Numerous companies have merely submitted Say on Climate resolutions as a formality.
This is also true for Say on Climate filings, where the subject may vary according to issuers, for example, one establishing an energy transition plan while the other considering climate policies for the first time. The consequence of this is a higher likelihood of Greenwashing, where numerous companies have merely submitted Say on Climate resolutions as a formality, lacking transparent plans, concrete strategies, or sufficient ambition. While it is understood that establishing a meaningful climate strategy is difficult, especially the first time, climate resolutions must ultimately lead to measurable, and science-aligned action.
Therefore, sustaining shareholder engagement is essential, so that companies’ climate ambition and the disclosure of executives may be analysed and revised on a regular basis. Yet, according to MSCI, most Say on Climate votes in 2021 (58%) were one-time events, with only 24% of votes set to have annual follow-ups4. So, how to ensure climate action and not merely investor distraction? Policy actions and further stakeholder initiatives could improve the outcomes of Say on Climate.
How will these policies interact with Say on Climate?
Given the reporting mandates as part of the European Green Deal in 2021, and increasing access to ESG data, it is expected that shareholders will become more vocal and stringent in requisitioning Say on Climate resolutions. Already, in France there has been a call to Autorité des marchés financiers (AMF) to mandate all companies subject to the CSRD to be required to Say on Climate5. Companies, too, will benefit from having already collected much of their ESG data to comply with regulation, and be empowered to put forth material Say on Climate proposals.
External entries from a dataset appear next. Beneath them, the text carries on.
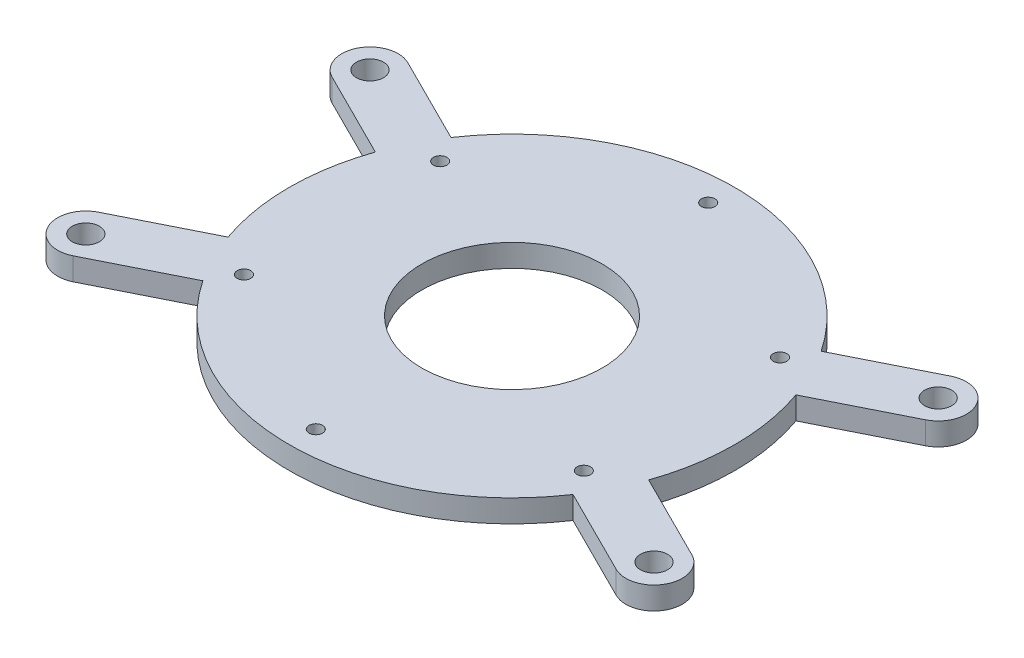
from build123d import *

# Parameters (mm, degrees)
SKETCH_1_R               = 20
EXTRUDE_1_DEPTH          = 5
CUT_EXTRUDE_1_REACH      = 87.2
SKETCH_2_R               = 3
MIRROR_2_COPY_1_REACH    = 87.2
MIRROR_2_COPY_1_SKETCH_R = 3
SKETCH_3_R               = 1.5
CUT_EXTRUDE_2_DEPTH      = 86.199993462
PATTERN_CIRCULAR_1_COUNT = 6


with BuildPart() as part:
    # 草图1 → 凸台-拉伸1 (new body)
    with BuildSketch(Plane(origin=(0, 0, 0), x_dir=(1, 0, 0), z_dir=(0, 1, 0))):
        with BuildLine():
            Line((46.623322285, 16.328680875), (65.781966365, 25.910071498))
            ThreePointArc((65.781966365, 25.910071498), (68.576327064, 34.295567803), (60.190830759, 37.089928502))
            Line((60.190830759, 37.089928502), (41.03218668, 27.50853788))
            ThreePointArc((41.03218668, 27.50853788), (0, 49.4), (-41.03218668, 27.50853788))
            Line((-41.03218668, 27.50853788), (-60.190830759, 37.089928502))
            ThreePointArc((-60.190830759, 37.089928502), (-68.576327064, 34.295567803), (-65.781966365, 25.910071498))
            Line((-65.781966365, 25.910071498), (-46.623322285, 16.328680875))
            ThreePointArc((-46.623322285, 16.328680875), (-49.4, 0), (-46.623322285, -16.328680875))
            Line((-46.623322285, -16.328680875), (-65.781966365, -25.910071498))
            ThreePointArc((-65.781966365, -25.910071498), (-68.576327064, -34.295567803), (-60.190830759, -37.089928502))
            Line((-60.190830759, -37.089928502), (-41.03218668, -27.50853788))
            ThreePointArc((-41.03218668, -27.50853788), (0, -49.4), (41.03218668, -27.50853788))
            Line((41.03218668, -27.50853788), (60.190830759, -37.089928502))
            ThreePointArc((60.190830759, -37.089928502), (68.576327064, -34.295567803), (65.781966365, -25.910071498))
            Line((65.781966365, -25.910071498), (46.623322285, -16.328680875))
            ThreePointArc((46.623322285, -16.328680875), (49.4, 0), (46.623322285, 16.328680875))
        make_face()
        with Locations(Location((0, 0, 0), (0, 0, 270))):
            Circle(SKETCH_1_R, mode=Mode.SUBTRACT)
    extrude(amount=EXTRUDE_1_DEPTH)

    # 草图2 → 切除-拉伸1 (cut, up to next)
    with BuildSketch(Plane(origin=(0, 5, 0), x_dir=(1, 0, 0), z_dir=(0, 1, 0)), mode=Mode.PRIVATE) as cut_extrude_1_sk1:
        with Locations(Location((-62.986398562, 31.5, 0), (0, 0, 270))):
            Circle(SKETCH_2_R)
    cut_extrude_1_tool1 = extrude(cut_extrude_1_sk1.sketch, amount=-CUT_EXTRUDE_1_REACH, mode=Mode.PRIVATE) & part.part
    cut_extrude_1 = cut_extrude_1_tool1.solids().sort_by_distance((-62.986399, 5, -31.5))[0]
    add(cut_extrude_1, mode=Mode.SUBTRACT)

    # 镜向1: 切除-拉伸1 across plane
    add(cut_extrude_1.mirror(Plane.XY), mode=Mode.SUBTRACT)

    # 镜向2: 切除-拉伸1 across plane
    add(cut_extrude_1.mirror(Plane(origin=(0, 0, 0), x_dir=(0, 0, 1), z_dir=(1, 0, 0))), mode=Mode.SUBTRACT)

    # 镜向2 copy 1 sketch → 镜向2 copy 1 (cut, up to next)
    with BuildSketch(Plane(origin=(0, 5, 0), x_dir=(-1, 0, 0), z_dir=(0, 1, 0)), mode=Mode.PRIVATE) as mirror_2_copy_1_sk1:
        with Locations(Location((-62.986398562, 31.5, 0), (0, 0, 270))):
            Circle(MIRROR_2_COPY_1_SKETCH_R)
    mirror_2_copy_1_tool1 = extrude(mirror_2_copy_1_sk1.sketch, amount=-MIRROR_2_COPY_1_REACH, mode=Mode.PRIVATE) & part.part
    add(mirror_2_copy_1_tool1.solids().sort_by_distance((62.986399, 5, 31.5))[0], mode=Mode.SUBTRACT)

    # 草图3 → 切除-拉伸2 (cut, through all)
    with BuildSketch(Plane.XZ):
        with Locations(Location((0, 43.5, 0), (0, 0, 270))):
            Circle(SKETCH_3_R)
    cut_extrude_2 = extrude(amount=-CUT_EXTRUDE_2_DEPTH, mode=Mode.SUBTRACT)

    # 阵列(圆周)1: 切除-拉伸2 ×6 about axis
    pattern_circular_1_axis = Axis((0, 0, 0), (0, 1, 0))
    for i in range(1, PATTERN_CIRCULAR_1_COUNT):
        add(cut_extrude_2.rotate(pattern_circular_1_axis, i * 360 / PATTERN_CIRCULAR_1_COUNT), mode=Mode.SUBTRACT)


solid = part.part

With the introduction of sustainable taxonomies, shareholders and managers can use a standardized framework to identify environmentally focused activities. This will enable them to communicate effectively using a shared terminology and ensure alignment in their objectives. Lastly, the requirements of mandatory sustainability disclosures should inform Say on Climateresolutions and translate into good practice for company climate plans, for example, incorporating indirect emissions (scope 2 and 3) and ensuring science based target and transition paths.
The future of Say on Climate
As Say on Climate gains momentum in Europe, it is necessary for economic actors to continue to work on improving the nature of climate-related discourse and resolutions, and ensure it does not become a fashionable exercise without substance.
Some stakeholders advocate for providing a legal framework on Say on Climate, to improve outcomes of resolutions. Since Say on Climate is first and foremost, a private initiative and not a regulatory mandate, any framework should focus on delegating the duties of Say on Climate and outlining how motions originating from company management, board of directors, or shareholders should be treated. Currently, the absence of clarity and varying interpretations regarding the extent of each stakeholder’s authority in Say on Climate resolutions has resulted in tensions and conflicts within climate-related discussions.
Nevertheless, policy actions, such as the initiatives of the EU Sustainable Finance Framework, should support and positively interact with shareholder engagement. By providing guidelines to companies, reducing uncertainty and investor fatigue, policies should help facilitate understanding a company’s ESG and plan their sustainability transition. Harmonizing regulation with private initiatives and concerns continues to be paramount for mobilizing all corners of the economy to direct finance into sustainable investment, build trust, and reach common goals.